**What you need to do:** Using the listing that follows, filter out every line lacking the string "blind" and return the rest.

**Dataset records:**

******

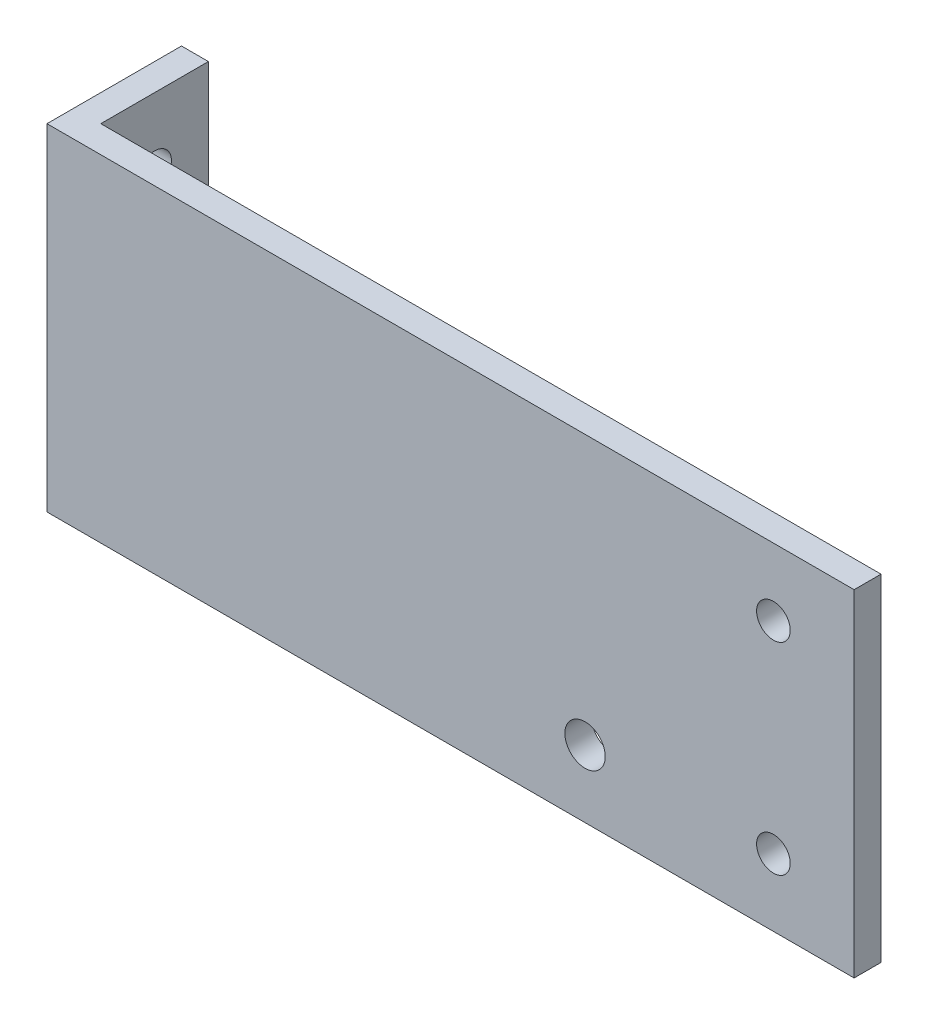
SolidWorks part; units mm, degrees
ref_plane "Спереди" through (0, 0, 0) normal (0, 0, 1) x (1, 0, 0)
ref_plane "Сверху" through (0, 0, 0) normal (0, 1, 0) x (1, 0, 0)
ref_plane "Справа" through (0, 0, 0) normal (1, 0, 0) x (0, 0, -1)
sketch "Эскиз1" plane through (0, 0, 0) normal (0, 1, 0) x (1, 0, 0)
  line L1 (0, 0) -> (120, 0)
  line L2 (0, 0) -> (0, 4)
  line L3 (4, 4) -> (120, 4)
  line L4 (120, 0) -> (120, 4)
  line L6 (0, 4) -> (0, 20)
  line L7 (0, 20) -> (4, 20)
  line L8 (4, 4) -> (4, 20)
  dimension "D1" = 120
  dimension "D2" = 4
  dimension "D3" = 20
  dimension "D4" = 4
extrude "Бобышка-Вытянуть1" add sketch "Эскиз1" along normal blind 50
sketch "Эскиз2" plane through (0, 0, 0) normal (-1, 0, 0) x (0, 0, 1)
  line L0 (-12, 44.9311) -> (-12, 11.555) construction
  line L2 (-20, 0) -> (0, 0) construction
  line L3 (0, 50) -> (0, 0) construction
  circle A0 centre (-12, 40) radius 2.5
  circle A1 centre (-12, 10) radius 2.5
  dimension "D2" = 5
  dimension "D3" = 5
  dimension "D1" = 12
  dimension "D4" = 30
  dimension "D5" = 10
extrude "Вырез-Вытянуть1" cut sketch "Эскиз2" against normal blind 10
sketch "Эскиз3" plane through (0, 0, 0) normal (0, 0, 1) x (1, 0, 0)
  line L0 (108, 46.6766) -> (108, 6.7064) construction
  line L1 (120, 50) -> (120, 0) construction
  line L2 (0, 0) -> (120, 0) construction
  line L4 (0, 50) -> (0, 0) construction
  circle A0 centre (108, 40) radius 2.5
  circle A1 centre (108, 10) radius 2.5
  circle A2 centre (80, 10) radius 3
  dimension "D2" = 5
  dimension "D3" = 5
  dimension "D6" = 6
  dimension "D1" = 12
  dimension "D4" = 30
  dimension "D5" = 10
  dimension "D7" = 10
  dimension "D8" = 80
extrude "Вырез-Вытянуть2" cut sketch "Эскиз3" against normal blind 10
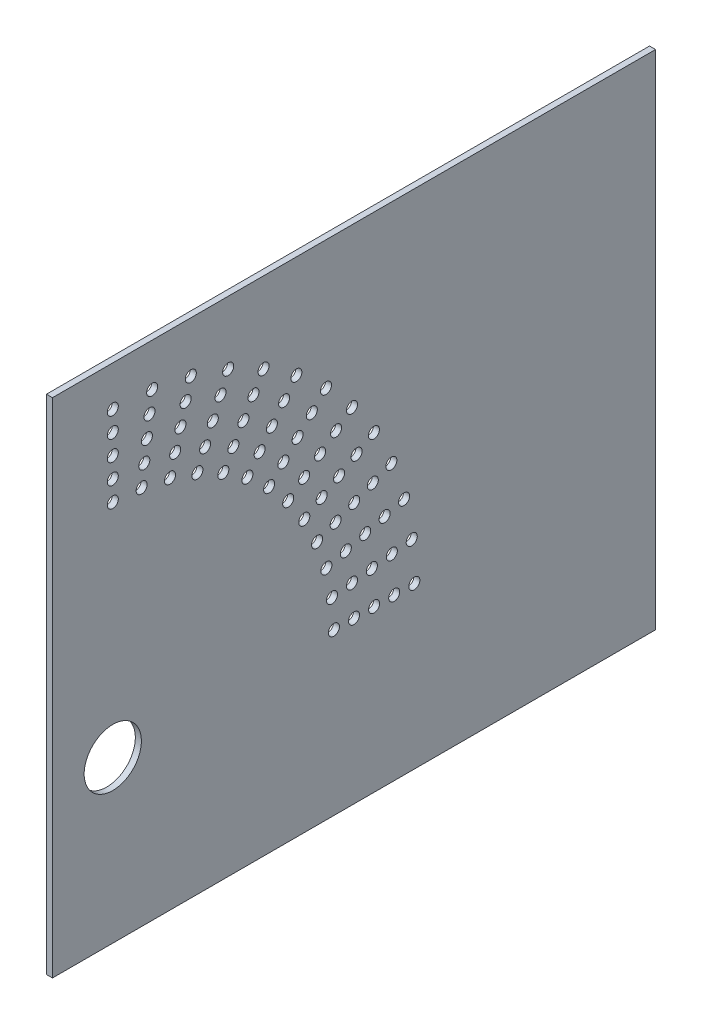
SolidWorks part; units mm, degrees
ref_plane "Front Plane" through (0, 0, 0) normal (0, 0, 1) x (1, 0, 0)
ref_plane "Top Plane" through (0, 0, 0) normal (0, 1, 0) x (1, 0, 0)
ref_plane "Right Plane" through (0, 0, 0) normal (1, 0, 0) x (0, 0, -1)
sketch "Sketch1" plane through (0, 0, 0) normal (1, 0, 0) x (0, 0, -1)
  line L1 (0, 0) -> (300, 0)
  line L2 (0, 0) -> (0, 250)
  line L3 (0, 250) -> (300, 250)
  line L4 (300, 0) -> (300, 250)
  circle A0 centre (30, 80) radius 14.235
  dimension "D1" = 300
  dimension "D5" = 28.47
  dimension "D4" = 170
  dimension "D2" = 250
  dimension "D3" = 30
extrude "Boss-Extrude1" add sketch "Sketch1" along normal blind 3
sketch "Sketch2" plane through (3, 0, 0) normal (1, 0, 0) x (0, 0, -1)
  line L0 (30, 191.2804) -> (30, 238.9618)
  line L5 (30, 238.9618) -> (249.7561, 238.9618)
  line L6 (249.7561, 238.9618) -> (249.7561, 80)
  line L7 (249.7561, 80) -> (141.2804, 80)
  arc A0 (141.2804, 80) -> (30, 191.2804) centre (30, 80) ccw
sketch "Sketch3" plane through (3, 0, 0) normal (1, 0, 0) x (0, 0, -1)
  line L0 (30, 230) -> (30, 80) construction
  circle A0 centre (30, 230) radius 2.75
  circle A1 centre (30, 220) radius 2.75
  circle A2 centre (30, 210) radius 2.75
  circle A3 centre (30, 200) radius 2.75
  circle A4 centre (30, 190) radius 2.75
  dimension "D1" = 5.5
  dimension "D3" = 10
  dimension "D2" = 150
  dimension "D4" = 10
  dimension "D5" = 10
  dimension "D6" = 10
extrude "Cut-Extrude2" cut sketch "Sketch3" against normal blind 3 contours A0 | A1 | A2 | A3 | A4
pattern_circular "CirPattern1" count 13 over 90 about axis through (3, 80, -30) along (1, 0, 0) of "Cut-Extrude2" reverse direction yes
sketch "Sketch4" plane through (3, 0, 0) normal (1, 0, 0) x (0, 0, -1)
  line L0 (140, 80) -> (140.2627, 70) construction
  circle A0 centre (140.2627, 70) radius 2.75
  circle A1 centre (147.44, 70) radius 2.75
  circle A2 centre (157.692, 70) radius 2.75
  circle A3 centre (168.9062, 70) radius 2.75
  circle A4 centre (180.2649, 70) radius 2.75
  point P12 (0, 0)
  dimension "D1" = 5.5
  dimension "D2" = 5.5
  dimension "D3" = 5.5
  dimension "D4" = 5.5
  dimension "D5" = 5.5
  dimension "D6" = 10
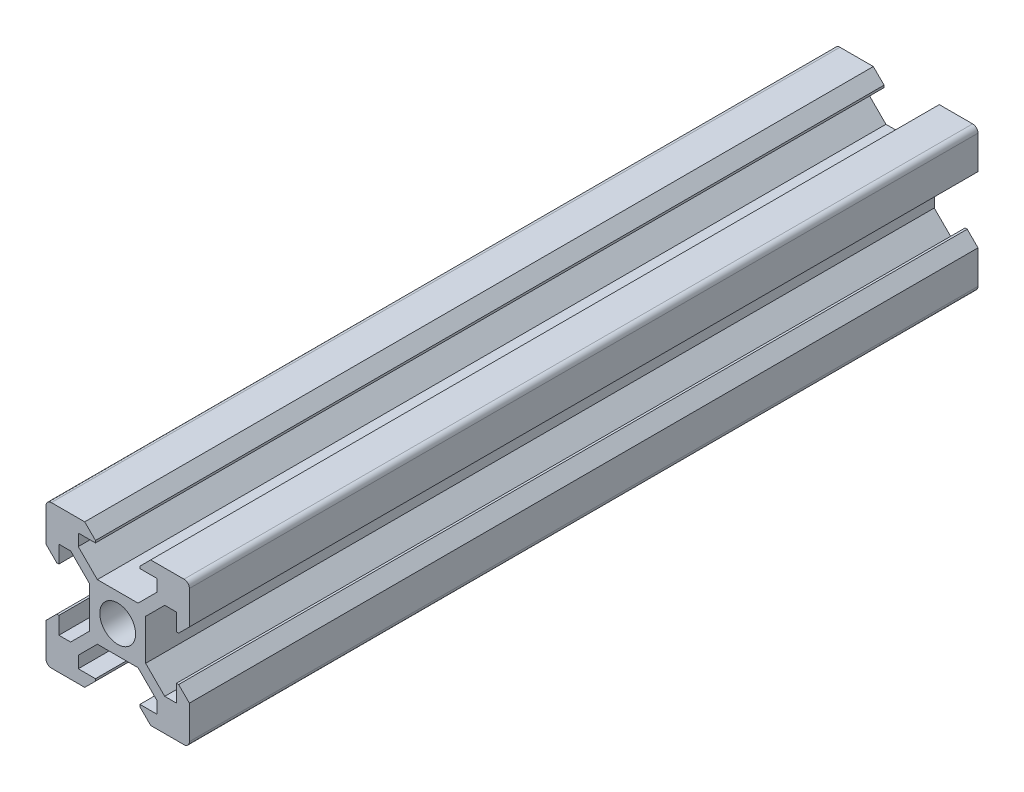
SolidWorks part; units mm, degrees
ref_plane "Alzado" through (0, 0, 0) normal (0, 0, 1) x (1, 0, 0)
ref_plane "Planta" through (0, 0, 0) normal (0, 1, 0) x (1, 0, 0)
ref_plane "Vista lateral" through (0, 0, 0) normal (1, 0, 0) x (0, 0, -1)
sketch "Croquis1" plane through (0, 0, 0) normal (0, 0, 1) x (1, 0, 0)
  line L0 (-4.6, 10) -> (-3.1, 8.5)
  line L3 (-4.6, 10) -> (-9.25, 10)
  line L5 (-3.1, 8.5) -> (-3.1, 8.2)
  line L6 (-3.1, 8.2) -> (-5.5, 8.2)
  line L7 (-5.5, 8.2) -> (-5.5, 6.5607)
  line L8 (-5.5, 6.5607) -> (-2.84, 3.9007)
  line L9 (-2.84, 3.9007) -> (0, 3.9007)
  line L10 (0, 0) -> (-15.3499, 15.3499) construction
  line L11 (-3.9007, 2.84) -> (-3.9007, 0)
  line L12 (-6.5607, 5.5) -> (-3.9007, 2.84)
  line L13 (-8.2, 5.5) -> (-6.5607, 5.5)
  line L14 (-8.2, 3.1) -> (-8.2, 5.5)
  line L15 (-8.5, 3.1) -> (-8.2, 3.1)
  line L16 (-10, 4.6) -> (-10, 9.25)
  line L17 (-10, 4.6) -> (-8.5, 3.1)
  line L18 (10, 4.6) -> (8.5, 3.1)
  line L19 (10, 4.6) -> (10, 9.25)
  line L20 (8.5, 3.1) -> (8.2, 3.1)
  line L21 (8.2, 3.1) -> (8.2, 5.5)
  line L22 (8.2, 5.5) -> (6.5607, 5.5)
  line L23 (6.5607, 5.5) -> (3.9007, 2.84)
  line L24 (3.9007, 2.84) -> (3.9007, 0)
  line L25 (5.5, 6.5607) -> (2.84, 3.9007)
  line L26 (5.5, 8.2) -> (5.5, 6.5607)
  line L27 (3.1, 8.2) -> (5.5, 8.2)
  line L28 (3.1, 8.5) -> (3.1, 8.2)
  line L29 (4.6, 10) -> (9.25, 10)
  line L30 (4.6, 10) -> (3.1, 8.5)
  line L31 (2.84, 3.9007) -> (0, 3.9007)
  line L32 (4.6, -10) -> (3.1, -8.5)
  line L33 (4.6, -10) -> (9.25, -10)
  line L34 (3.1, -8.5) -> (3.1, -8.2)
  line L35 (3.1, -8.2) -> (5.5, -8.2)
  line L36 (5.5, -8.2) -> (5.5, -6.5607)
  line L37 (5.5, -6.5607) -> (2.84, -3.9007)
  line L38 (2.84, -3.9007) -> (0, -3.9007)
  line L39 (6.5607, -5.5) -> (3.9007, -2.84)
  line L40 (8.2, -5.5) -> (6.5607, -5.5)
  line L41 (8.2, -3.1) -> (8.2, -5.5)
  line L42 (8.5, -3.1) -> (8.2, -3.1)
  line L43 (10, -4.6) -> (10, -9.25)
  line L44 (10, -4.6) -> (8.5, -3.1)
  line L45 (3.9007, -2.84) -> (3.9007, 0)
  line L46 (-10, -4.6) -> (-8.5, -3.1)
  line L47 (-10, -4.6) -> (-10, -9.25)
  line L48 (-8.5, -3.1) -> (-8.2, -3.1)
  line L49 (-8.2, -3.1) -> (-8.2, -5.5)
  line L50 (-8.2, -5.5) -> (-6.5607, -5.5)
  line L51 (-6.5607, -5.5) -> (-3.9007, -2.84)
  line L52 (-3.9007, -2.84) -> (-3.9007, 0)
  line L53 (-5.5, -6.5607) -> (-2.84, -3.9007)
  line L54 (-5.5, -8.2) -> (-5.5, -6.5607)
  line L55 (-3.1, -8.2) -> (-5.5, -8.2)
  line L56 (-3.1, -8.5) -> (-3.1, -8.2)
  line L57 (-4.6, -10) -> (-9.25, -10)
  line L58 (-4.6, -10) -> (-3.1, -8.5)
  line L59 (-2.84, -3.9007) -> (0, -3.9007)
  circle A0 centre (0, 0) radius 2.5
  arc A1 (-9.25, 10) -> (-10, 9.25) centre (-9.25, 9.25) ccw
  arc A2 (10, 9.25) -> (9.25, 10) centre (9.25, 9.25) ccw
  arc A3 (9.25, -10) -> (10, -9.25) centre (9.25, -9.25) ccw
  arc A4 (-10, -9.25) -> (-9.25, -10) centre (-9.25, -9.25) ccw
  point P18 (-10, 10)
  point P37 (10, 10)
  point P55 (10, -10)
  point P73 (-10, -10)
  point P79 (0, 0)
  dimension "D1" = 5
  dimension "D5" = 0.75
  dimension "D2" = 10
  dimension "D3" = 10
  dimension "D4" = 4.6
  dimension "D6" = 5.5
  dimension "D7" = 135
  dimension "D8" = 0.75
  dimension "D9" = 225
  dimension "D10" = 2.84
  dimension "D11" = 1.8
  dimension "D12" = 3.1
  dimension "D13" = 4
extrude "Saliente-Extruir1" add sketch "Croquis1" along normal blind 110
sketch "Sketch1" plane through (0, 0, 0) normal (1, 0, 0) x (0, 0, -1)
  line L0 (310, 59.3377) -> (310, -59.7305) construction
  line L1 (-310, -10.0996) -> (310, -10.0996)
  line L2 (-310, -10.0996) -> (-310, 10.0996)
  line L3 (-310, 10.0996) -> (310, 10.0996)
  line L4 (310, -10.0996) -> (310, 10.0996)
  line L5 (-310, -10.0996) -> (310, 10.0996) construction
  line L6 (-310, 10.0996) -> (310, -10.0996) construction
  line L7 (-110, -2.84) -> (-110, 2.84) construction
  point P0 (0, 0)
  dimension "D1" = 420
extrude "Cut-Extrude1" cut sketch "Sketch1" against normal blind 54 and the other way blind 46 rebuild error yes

******

**The answer:**
extrude "Бобышка-Вытянуть1" add sketch "Эскиз1" along normal blind 50
extrude "Вырез-Вытянуть1" cut sketch "Эскиз2" against normal blind 10
extrude "Вырез-Вытянуть2" cut sketch "Эскиз3" against normal blind 10
extrude "Boss-Extrude1" add sketch "Sketch1" along normal blind 3
extrude "Cut-Extrude2" cut sketch "Sketch3" against normal blind 3 contours A0 | A1 | A2 | A3 | A4
extrude "Saliente-Extruir1" add sketch "Croquis1" along normal blind 110
extrude "Cut-Extrude1" cut sketch "Sketch1" against normal blind 54 and the other way blind 46 rebuild error yes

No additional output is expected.